## To do
Going down the data below, set down exactly the line with "#17=DIRECTION('',(1.,0.,0.));" and each line after it through the line with "#40=EDGE_CURVE('E11',#39,#31,#37,.T.);"; no other lines.

## Data provided
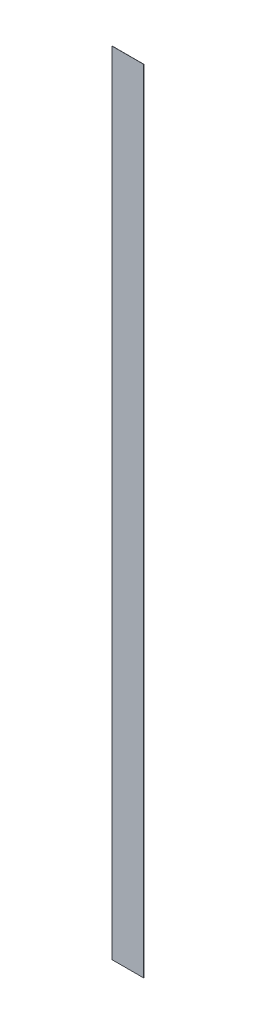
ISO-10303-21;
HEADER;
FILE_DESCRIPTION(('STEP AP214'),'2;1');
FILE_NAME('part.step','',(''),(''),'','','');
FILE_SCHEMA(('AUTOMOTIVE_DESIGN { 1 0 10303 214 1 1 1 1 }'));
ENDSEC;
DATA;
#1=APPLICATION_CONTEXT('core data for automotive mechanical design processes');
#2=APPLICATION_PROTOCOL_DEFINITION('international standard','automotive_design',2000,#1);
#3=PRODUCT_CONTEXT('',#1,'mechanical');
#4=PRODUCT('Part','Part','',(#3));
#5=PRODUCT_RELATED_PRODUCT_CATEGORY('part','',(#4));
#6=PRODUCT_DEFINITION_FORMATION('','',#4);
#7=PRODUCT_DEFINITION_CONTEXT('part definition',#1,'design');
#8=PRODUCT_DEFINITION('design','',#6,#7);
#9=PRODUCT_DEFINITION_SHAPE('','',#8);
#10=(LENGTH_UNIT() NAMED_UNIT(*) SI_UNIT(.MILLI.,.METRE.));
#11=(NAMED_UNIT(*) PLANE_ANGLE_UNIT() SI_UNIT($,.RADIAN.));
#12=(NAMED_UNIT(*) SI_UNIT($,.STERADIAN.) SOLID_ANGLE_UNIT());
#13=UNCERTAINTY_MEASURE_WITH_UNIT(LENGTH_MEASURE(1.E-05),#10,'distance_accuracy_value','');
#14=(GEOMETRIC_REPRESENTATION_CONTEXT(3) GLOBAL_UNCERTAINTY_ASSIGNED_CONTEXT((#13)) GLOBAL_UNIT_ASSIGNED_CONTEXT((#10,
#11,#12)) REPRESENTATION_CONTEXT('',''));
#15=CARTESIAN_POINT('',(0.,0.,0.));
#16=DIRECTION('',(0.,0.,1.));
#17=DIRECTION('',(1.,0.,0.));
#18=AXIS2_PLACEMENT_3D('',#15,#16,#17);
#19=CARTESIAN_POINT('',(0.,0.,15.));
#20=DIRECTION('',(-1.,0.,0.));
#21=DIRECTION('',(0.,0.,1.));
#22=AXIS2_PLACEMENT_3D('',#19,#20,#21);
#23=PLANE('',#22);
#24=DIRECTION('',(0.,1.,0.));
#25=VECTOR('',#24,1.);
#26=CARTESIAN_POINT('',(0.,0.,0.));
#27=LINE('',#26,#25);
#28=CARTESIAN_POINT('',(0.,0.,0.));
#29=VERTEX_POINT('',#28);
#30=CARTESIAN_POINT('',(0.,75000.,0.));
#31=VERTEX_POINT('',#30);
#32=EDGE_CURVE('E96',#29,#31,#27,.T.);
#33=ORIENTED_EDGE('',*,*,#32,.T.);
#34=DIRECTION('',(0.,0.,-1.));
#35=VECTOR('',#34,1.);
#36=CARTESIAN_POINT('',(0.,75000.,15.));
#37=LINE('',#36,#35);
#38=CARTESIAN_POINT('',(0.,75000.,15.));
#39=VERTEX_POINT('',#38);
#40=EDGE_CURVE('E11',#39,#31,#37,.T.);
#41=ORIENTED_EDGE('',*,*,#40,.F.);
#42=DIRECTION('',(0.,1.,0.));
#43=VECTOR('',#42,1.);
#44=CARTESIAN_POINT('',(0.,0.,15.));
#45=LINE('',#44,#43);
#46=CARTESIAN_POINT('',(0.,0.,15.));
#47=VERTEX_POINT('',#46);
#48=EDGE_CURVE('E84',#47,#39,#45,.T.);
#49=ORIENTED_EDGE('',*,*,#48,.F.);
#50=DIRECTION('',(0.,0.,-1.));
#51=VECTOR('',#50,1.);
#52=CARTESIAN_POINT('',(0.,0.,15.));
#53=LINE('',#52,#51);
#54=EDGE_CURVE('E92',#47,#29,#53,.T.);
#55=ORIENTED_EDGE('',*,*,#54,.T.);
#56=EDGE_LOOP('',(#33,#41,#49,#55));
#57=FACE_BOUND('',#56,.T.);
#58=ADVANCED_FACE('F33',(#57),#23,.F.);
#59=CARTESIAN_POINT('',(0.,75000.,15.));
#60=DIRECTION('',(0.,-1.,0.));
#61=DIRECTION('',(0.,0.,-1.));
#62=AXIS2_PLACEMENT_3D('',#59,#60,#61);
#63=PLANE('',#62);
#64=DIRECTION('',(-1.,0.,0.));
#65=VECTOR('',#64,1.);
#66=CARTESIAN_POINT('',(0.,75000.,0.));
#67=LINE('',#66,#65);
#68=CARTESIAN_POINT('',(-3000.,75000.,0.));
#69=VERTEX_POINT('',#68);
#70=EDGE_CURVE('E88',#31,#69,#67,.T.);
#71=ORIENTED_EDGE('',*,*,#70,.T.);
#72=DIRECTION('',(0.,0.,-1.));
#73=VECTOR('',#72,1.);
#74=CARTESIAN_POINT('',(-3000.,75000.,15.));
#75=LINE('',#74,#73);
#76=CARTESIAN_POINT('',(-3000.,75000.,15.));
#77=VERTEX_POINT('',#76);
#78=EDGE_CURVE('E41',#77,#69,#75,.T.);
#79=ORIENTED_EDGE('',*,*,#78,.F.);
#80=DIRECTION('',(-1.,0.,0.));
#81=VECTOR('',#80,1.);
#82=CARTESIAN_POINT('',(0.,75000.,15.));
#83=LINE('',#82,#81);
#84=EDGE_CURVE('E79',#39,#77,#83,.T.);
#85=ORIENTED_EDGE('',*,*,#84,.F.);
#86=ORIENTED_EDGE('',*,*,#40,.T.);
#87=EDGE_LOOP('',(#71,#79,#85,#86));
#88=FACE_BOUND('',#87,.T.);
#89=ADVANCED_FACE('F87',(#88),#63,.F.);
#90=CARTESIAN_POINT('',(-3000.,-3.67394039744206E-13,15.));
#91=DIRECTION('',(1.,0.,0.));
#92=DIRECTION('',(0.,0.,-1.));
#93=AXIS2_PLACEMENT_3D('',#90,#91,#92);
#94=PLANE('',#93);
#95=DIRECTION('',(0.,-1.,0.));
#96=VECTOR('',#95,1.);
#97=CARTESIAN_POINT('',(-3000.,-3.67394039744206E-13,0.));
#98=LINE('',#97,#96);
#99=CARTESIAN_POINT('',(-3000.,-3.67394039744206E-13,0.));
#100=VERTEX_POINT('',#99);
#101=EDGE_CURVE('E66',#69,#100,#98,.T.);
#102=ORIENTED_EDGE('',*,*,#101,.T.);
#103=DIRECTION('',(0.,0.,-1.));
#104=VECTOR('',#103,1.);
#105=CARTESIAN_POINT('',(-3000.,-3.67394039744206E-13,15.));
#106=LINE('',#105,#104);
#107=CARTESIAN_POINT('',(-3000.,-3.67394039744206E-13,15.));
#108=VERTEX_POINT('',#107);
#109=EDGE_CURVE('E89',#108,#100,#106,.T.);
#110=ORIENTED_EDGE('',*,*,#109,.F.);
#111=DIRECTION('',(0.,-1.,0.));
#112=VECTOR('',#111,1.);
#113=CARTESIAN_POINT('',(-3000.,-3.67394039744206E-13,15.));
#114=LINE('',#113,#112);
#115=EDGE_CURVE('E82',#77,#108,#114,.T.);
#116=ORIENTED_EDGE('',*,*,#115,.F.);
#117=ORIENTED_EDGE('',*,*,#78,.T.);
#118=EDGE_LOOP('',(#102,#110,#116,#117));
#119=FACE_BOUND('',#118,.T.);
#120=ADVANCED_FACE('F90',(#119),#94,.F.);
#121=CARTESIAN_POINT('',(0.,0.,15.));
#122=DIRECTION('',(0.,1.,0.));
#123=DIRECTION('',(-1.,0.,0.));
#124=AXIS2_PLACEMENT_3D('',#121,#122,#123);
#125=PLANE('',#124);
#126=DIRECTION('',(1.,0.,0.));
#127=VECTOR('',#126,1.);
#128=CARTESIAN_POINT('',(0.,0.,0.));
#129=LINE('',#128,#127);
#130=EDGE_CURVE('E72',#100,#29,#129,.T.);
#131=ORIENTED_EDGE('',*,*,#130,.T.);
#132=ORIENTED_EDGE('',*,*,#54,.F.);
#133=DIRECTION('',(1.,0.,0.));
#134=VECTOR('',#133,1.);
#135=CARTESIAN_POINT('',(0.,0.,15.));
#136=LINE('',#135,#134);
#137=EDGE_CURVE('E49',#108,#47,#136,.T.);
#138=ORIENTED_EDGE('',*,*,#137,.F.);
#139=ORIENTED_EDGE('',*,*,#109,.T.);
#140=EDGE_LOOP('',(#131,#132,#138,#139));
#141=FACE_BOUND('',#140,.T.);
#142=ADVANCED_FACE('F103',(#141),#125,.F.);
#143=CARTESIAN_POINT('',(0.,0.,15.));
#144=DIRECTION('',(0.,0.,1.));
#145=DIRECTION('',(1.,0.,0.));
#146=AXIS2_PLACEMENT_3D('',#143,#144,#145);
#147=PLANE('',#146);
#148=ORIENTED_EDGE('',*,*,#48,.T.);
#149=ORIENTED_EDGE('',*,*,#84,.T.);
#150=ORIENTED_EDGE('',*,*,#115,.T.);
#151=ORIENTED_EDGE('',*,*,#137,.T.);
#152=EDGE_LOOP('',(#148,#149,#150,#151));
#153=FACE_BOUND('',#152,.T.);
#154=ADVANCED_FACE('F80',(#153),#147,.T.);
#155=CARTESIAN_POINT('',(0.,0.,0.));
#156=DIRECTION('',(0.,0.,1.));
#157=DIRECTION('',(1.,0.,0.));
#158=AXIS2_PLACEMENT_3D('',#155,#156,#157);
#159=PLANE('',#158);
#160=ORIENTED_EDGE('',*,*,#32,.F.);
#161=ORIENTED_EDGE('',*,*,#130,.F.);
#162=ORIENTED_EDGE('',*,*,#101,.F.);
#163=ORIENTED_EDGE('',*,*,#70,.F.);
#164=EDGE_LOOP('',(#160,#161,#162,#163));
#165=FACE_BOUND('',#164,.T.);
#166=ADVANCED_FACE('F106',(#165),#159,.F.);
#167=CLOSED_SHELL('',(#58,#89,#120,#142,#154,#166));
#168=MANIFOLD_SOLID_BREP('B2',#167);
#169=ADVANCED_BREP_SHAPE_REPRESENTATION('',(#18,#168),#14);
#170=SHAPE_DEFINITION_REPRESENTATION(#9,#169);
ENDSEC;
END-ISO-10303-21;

## Answer below
#17=DIRECTION('',(1.,0.,0.));
#18=AXIS2_PLACEMENT_3D('',#15,#16,#17);
#19=CARTESIAN_POINT('',(0.,0.,15.));
#20=DIRECTION('',(-1.,0.,0.));
#21=DIRECTION('',(0.,0.,1.));
#22=AXIS2_PLACEMENT_3D('',#19,#20,#21);
#23=PLANE('',#22);
#24=DIRECTION('',(0.,1.,0.));
#25=VECTOR('',#24,1.);
#26=CARTESIAN_POINT('',(0.,0.,0.));
#27=LINE('',#26,#25);
#28=CARTESIAN_POINT('',(0.,0.,0.));
#29=VERTEX_POINT('',#28);
#30=CARTESIAN_POINT('',(0.,75000.,0.));
#31=VERTEX_POINT('',#30);
#32=EDGE_CURVE('E96',#29,#31,#27,.T.);
#33=ORIENTED_EDGE('',*,*,#32,.T.);
#34=DIRECTION('',(0.,0.,-1.));
#35=VECTOR('',#34,1.);
#36=CARTESIAN_POINT('',(0.,75000.,15.));
#37=LINE('',#36,#35);
#38=CARTESIAN_POINT('',(0.,75000.,15.));
#39=VERTEX_POINT('',#38);
#40=EDGE_CURVE('E11',#39,#31,#37,.T.);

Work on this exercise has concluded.